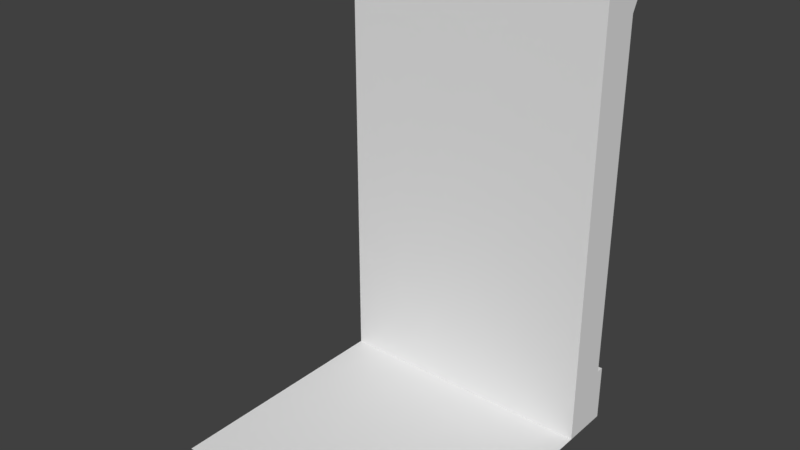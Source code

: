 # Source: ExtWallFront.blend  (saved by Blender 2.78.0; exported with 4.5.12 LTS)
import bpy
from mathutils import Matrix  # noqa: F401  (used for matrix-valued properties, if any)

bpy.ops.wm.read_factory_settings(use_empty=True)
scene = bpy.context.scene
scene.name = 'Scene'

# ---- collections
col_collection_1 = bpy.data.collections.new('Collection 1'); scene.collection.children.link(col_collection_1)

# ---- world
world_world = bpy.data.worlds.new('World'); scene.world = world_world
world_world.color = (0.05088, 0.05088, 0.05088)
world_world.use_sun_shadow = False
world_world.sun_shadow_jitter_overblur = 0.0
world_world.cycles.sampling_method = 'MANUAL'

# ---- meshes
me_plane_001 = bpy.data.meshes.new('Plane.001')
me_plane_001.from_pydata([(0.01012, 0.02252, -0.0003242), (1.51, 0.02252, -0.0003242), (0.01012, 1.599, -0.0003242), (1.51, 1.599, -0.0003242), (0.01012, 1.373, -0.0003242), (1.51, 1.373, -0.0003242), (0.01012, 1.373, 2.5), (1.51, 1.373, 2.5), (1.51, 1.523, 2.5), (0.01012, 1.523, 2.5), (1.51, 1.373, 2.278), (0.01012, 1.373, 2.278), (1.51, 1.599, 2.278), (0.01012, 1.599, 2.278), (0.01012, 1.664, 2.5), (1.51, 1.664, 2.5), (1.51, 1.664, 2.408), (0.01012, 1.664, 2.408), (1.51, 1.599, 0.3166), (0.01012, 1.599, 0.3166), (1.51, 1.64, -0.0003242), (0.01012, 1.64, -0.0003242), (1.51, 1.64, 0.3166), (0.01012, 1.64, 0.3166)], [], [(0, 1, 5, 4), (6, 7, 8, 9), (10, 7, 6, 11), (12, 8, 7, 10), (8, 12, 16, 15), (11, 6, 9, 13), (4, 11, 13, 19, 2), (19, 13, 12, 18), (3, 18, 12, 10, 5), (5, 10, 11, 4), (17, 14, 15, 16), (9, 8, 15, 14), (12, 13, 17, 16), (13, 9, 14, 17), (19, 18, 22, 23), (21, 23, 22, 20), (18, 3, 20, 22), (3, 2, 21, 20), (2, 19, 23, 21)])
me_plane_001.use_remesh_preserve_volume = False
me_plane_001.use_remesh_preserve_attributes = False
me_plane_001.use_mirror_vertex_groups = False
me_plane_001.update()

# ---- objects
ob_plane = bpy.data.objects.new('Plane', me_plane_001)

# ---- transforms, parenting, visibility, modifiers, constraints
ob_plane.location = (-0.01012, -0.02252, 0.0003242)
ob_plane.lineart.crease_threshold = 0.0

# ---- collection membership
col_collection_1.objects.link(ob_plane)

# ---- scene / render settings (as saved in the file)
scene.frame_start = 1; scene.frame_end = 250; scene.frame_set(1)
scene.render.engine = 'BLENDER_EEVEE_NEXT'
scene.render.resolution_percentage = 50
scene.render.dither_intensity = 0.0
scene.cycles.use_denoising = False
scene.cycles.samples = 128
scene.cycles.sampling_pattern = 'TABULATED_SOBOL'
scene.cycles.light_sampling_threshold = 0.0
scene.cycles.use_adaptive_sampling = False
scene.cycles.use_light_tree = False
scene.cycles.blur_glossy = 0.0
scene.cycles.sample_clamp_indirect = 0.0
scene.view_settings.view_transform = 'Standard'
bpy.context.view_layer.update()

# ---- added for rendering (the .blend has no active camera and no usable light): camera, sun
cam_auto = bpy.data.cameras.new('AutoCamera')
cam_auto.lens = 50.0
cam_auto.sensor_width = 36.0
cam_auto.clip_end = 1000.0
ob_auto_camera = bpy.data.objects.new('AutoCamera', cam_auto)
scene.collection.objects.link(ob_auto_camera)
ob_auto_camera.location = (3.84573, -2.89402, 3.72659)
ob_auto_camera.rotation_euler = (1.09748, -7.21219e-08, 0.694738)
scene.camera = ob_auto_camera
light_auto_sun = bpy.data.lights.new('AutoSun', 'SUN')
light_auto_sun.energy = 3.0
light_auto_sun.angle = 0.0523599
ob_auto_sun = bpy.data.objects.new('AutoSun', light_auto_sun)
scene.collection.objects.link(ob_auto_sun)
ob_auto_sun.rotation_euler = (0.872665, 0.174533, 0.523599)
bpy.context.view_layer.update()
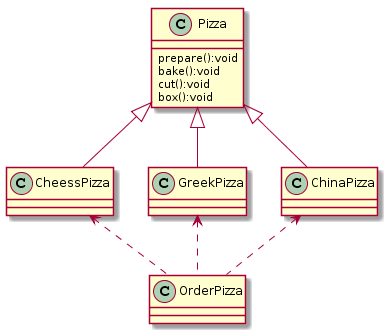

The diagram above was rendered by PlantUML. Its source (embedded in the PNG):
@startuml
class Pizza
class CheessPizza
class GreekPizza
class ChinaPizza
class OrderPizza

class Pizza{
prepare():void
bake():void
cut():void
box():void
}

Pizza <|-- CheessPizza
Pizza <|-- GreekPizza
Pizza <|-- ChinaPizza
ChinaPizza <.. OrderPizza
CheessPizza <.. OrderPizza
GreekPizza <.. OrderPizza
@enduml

What you need to do: Please copy exactly the lines from the one containing "cam_auto.clip_end = 1000.0" through the last line of the records above, both included, and leave out any pictures.

Output of the exercise:
cam_auto.clip_end = 1000.0
ob_auto_camera = bpy.data.objects.new('AutoCamera', cam_auto)
scene.collection.objects.link(ob_auto_camera)
ob_auto_camera.location = (3.84573, -2.89402, 3.72659)
ob_auto_camera.rotation_euler = (1.09748, -7.21219e-08, 0.694738)
scene.camera = ob_auto_camera
light_auto_sun = bpy.data.lights.new('AutoSun', 'SUN')
light_auto_sun.energy = 3.0
light_auto_sun.angle = 0.0523599
ob_auto_sun = bpy.data.objects.new('AutoSun', light_auto_sun)
scene.collection.objects.link(ob_auto_sun)
ob_auto_sun.rotation_euler = (0.872665, 0.174533, 0.523599)
bpy.context.view_layer.update()

The diagram above was rendered by PlantUML. Its source (embedded in the PNG):
@startuml
class Pizza
class CheessPizza
class GreekPizza
class ChinaPizza
class OrderPizza

class Pizza{
prepare():void
bake():void
cut():void
box():void
}

Pizza <|-- CheessPizza
Pizza <|-- GreekPizza
Pizza <|-- ChinaPizza
ChinaPizza <.. OrderPizza
CheessPizza <.. OrderPizza
GreekPizza <.. OrderPizza
@enduml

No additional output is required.